--- Source records Enclosed Below ---

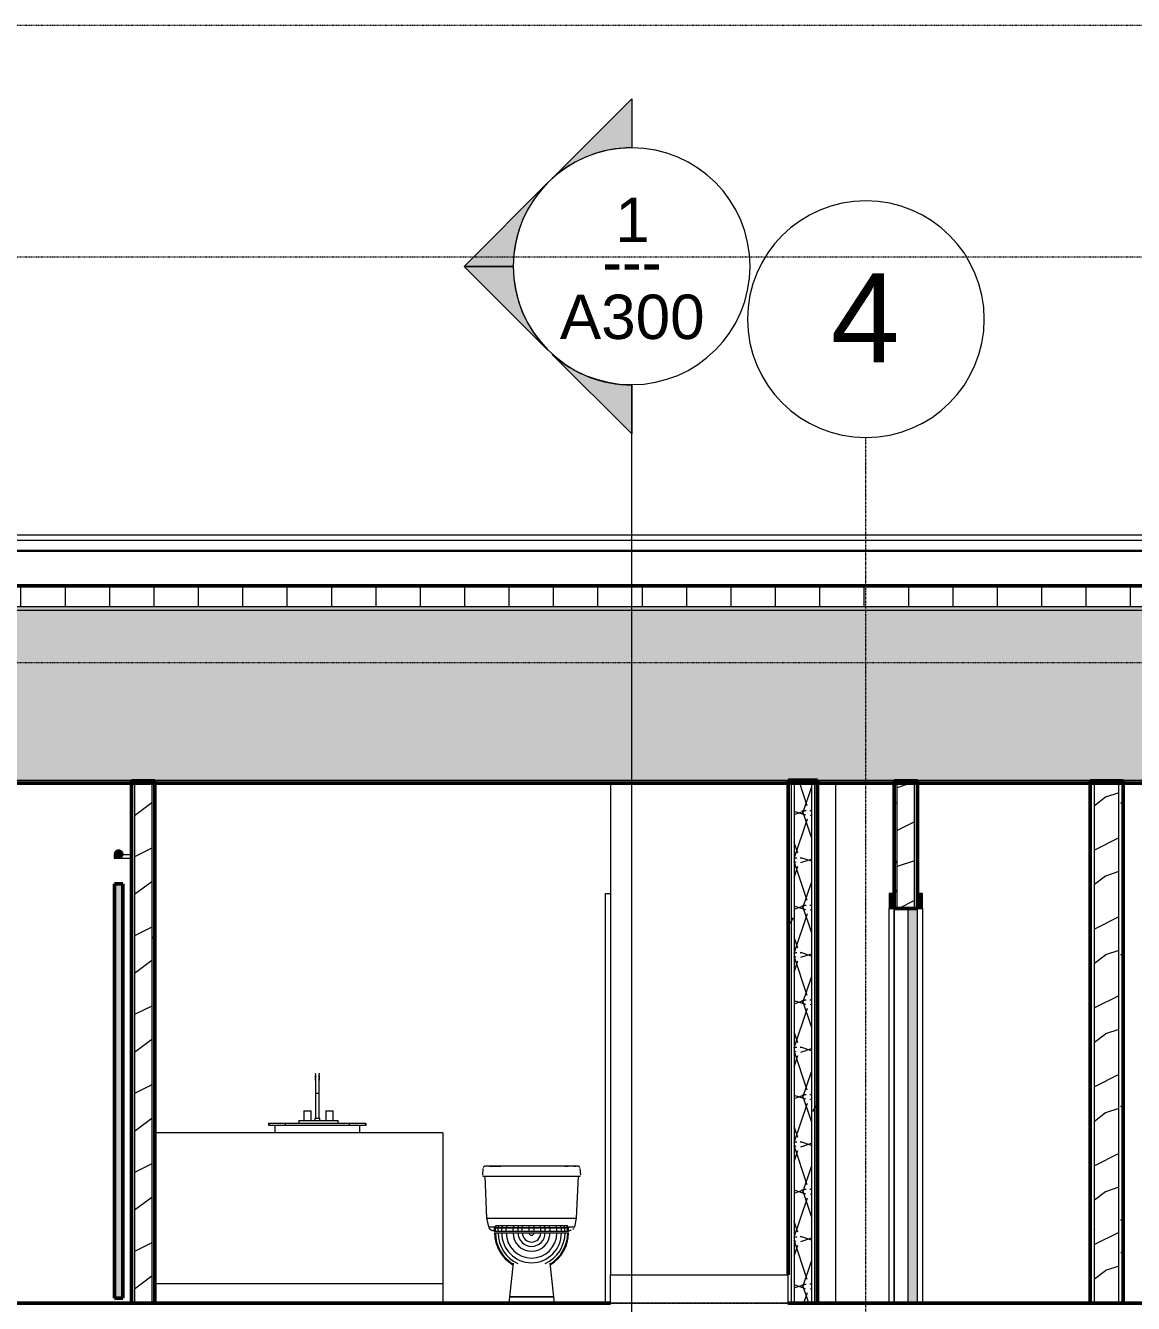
# Model space of a CAD drawing. Header units: inches. Extents: x -4168 to 1833, y -300 to 637.
# Drawn here: x -2670.7 to -2446.1, y 267.9 to 527 of the extents above; entities that cross this region are included whole.
import ezdxf

# ---------------------------------------------------------------- set-up
doc = ezdxf.new("R2010")
doc.units = ezdxf.units.IN
doc.header["$MEASUREMENT"] = 0
doc.linetypes.add('Aligning Line 1_8_', pattern=[0.25, 0.125, -0.125])
doc.linetypes.add('Grid Line 1_2_', pattern=[0.875, 0.5, -0.125, 0.125, -0.125])
for name, color, linetype, lineweight in [('0-1', 7, 'Continuous', 5), ('0-2', 7, 'Continuous', 13), ('A-DOOR-2', 135, 'Continuous', 13), ('A-DOOR-3', 10, 'Continuous', 50), ('A-DOOR-5', 55, 'Continuous', 9), ('A-DOOR-6', 50, 'Continuous', 20), ('A-DOOR-FRAM-1', 250, 'Continuous', 9), ('A-DOOR-FRAM-2', 55, 'Continuous', 9), ('A-DOOR-FRAM-3', 50, 'Continuous', 20), ('A-FLOR-7', 192, 'Continuous', 50), ('A-FLOR-LEVL-1', 51, 'Grid Line 1_2_', 9), ('A-ROOF', 132, 'Continuous', 13), ('A-ROOF-1', 252, 'Continuous', 13), ('A-ROOF-2', 31, 'Continuous', 5), ('A-ROOF-4', 132, 'Continuous', 50), ('A-ROOF-PATT-1', 132, 'Continuous', 9), ('A-WALL-1', 10, 'Continuous', 50), ('A-WALL-2', 7, 'Continuous', 13), ('A-WALL-3', 135, 'Continuous', 13), ('A-WALL-PATT-1', 250, 'Continuous', 9), ('A-WALL-PATT-2', 253, 'Continuous', 9), ('G-ANNO-SYMB', 111, 'Aligning Line 1_8_', 9), ('G-ANNO-SYMB-1', 111, 'Continuous', 9), ('I-WALL-1', 10, 'Continuous', 50), ('I-WALL-2', 135, 'Continuous', 13), ('P-SANR-FIXT-1', 55, 'Continuous', 9), ('Q-CASE-1', 55, 'Continuous', 9), ('S-GRID-1', 1, 'Grid Line 1_2_', 9), ('S-GRID-IDEN', 1, 'Continuous', 9)]:
    doc.layers.add(name, color=color, linetype=linetype, lineweight=lineweight)
doc.styles.add('Arial', font='arial.ttf', dxfattribs={"height": 9})
doc.styles.add('Arial_1', font='arial.ttf', dxfattribs={"height": 18})
doc.styles.add('Century Gothic', font='ufonts.com_century-gothic.ttf', dxfattribs={"height": 9})
pattern_1 = [(216.87, (-3763.257, 162.627), (47.980943, 31.987086), [7.997, -71.971]), (206.565, (-3753.661, 157.829), (-15.993714, -15.994133), [17.881, -17.881]), (198.435, (-3753.661, 149.832), (-31.98674, -15.99388), [10.115, -40.461])]
pattern_2 = [(0, (-3769.654, 146.633), (30.72, 7.68), [1.267, -21.773, 1.267, -21.773, -122.88]), (0, (-3769.654, 146.633), (30.72, 7.68), [-46.08, 1.267, -44.813, 1.267, -21.773, -53.76]), (0, (-3769.654, 146.633), (30.72, 7.68), [-115.2, 1.267, -14.093, 1.267, -37.133]), (120, (-3758.134, 150.473), (-22.011075, 22.7643), [1.267, -21.773, 1.267, -21.773, -122.88]), (120, (-3758.134, 150.473), (-22.011075, 22.7643), [-46.08, 1.267, -44.813, 1.267, -21.773, -53.76]), (120, (-3758.134, 150.473), (-22.011075, 22.7643), [-115.2, 1.267, -14.093, 1.267, -37.133]), (240, (-3754.294, 165.833), (-8.708925, -30.4443), [1.267, -21.773, 1.267, -21.773, -122.88]), (240, (-3754.294, 165.833), (-8.708925, -30.4443), [-46.08, 1.267, -44.813, 1.267, -21.773, -53.76]), (240, (-3754.294, 165.833), (-8.708925, -30.4443), [-115.2, 1.267, -14.093, 1.267, -37.133])]

# ---------------------------------------------------------------- blocks, each defined once
blk = doc.blocks.new('M_Sink Vanity-Square - 500 x 440mm-1372835-BUILDING SECTION - NORTH_SOUTH THRU PARKING RAMP - LOOKING WEST')
at = {"layer": 'P-SANR-FIXT-1'}
for p, q in [((-2360.08, 46.39), (-2360.08, 46.4)), ((-2360.08, 45.19), (-2360.08, 37.5)), ((-2359.33, 46.41), (-2359.33, 46.39)), ((-2359.33, 37.5), (-2359.33, 45.19)), ((-2360.08, 43.87), (-2360.08, 42.5)), ((-2359.71, 42.5), (-2360.07, 42.5)), ((-2359.34, 42.5), (-2359.71, 42.5)), ((-2359.33, 42.5), (-2359.33, 43.87)), ((-2362.46, 39), (-2362.46, 36.99)), ((-2362.46, 39), (-2360.96, 39)), ((-2360.96, 36.99), (-2360.96, 39)), ((-2357.96, 39), (-2357.96, 36.99)), ((-2357.96, 39), (-2356.46, 39)), ((-2356.46, 36.99), (-2356.46, 39)), ((-2369.58, 36.5), (-2369.58, 36)), ((-2369.55, 36.5), (-2366.23, 36.5)), ((-2369.55, 36.5), (-2369.55, 36)), ((-2366.23, 36.5), (-2353.18, 36.5)), ((-2366.23, 36.5), (-2366.23, 36)), ((-2363.46, 36.99), (-2363.46, 36.5)), ((-2363.44, 36.99), (-2362.71, 36.99)), ((-2362.71, 36.99), (-2361.71, 36.99)), ((-2361.71, 36.99), (-2357.21, 36.99)), ((-2360.21, 37.5), (-2360.21, 36.99)), ((-2360.21, 37.5), (-2359.21, 37.5)), ((-2359.21, 36.99), (-2359.21, 37.5)), ((-2357.21, 36.99), (-2356.21, 36.99)), ((-2356.21, 36.99), (-2355.48, 36.99)), ((-2355.46, 36.5), (-2355.46, 36.99)), ((-2353.18, 36.5), (-2349.86, 36.5)), ((-2353.18, 36), (-2353.18, 36.5)), ((-2349.86, 36.5), (-2349.86, 36)), ((-2349.83, 36), (-2349.83, 36.5)), ((-2366.23, 36), (-2369.55, 36)), ((-2368.3, 36), (-2368.3, 34.5)), ((-2353.18, 36), (-2366.23, 36)), ((-2349.86, 36), (-2353.18, 36)), ((-2351.11, 34.5), (-2351.11, 36))]:
    blk.add_line(p, q, dxfattribs=at)
at = {"layer": 'P-SANR-FIXT-1', "flags": 128}
for points in [[(-2360.08, 46.43), (-2360.07, 46.45), (-2360.07, 46.46), (-2360.07, 46.48), (-2360.06, 46.49), (-2360.06, 46.51), (-2360.05, 46.52), (-2360.05, 46.53), (-2360.04, 46.55), (-2360.03, 46.56), (-2360.02, 46.57)], [(-2360.08, 46.37), (-2360.08, 46.37), (-2360.08, 46.37), (-2360.08, 46.36), (-2360.08, 46.34), (-2360.08, 46.33), (-2360.08, 46.3), (-2360.08, 46.28), (-2360.08, 46.25), (-2360.08, 46.21), (-2360.08, 46.18), (-2360.08, 46.14), (-2360.08, 46.09), (-2360.08, 46.04), (-2360.08, 45.99), (-2360.08, 45.94), (-2360.08, 45.88), (-2360.08, 45.82), (-2360.08, 45.75), (-2360.08, 45.69), (-2360.08, 45.62), (-2360.08, 45.54), (-2360.08, 45.47), (-2360.08, 45.39), (-2360.08, 45.31), (-2360.08, 45.23), (-2360.08, 45.14), (-2360.08, 45.05), (-2360.08, 44.96), (-2360.08, 44.87), (-2360.08, 44.78), (-2360.08, 44.69), (-2360.08, 44.59), (-2360.08, 44.5), (-2360.08, 44.4), (-2360.08, 44.3), (-2360.08, 44.2), (-2360.08, 44.1), (-2360.08, 44), (-2360.08, 43.9), (-2360.08, 43.87)], [(-2360.08, 45.19), (-2360.08, 45.23), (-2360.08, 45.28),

--- End of Enclosed Source records ---

» Problem requirements
Each line above that contains "font" must be copied out.

» Solved exercise
doc.styles.add('Arial', font='arial.ttf', dxfattribs={"height": 9})
doc.styles.add('Arial_1', font='arial.ttf', dxfattribs={"height": 18})
doc.styles.add('Century Gothic', font='ufonts.com_century-gothic.ttf', dxfattribs={"height": 9})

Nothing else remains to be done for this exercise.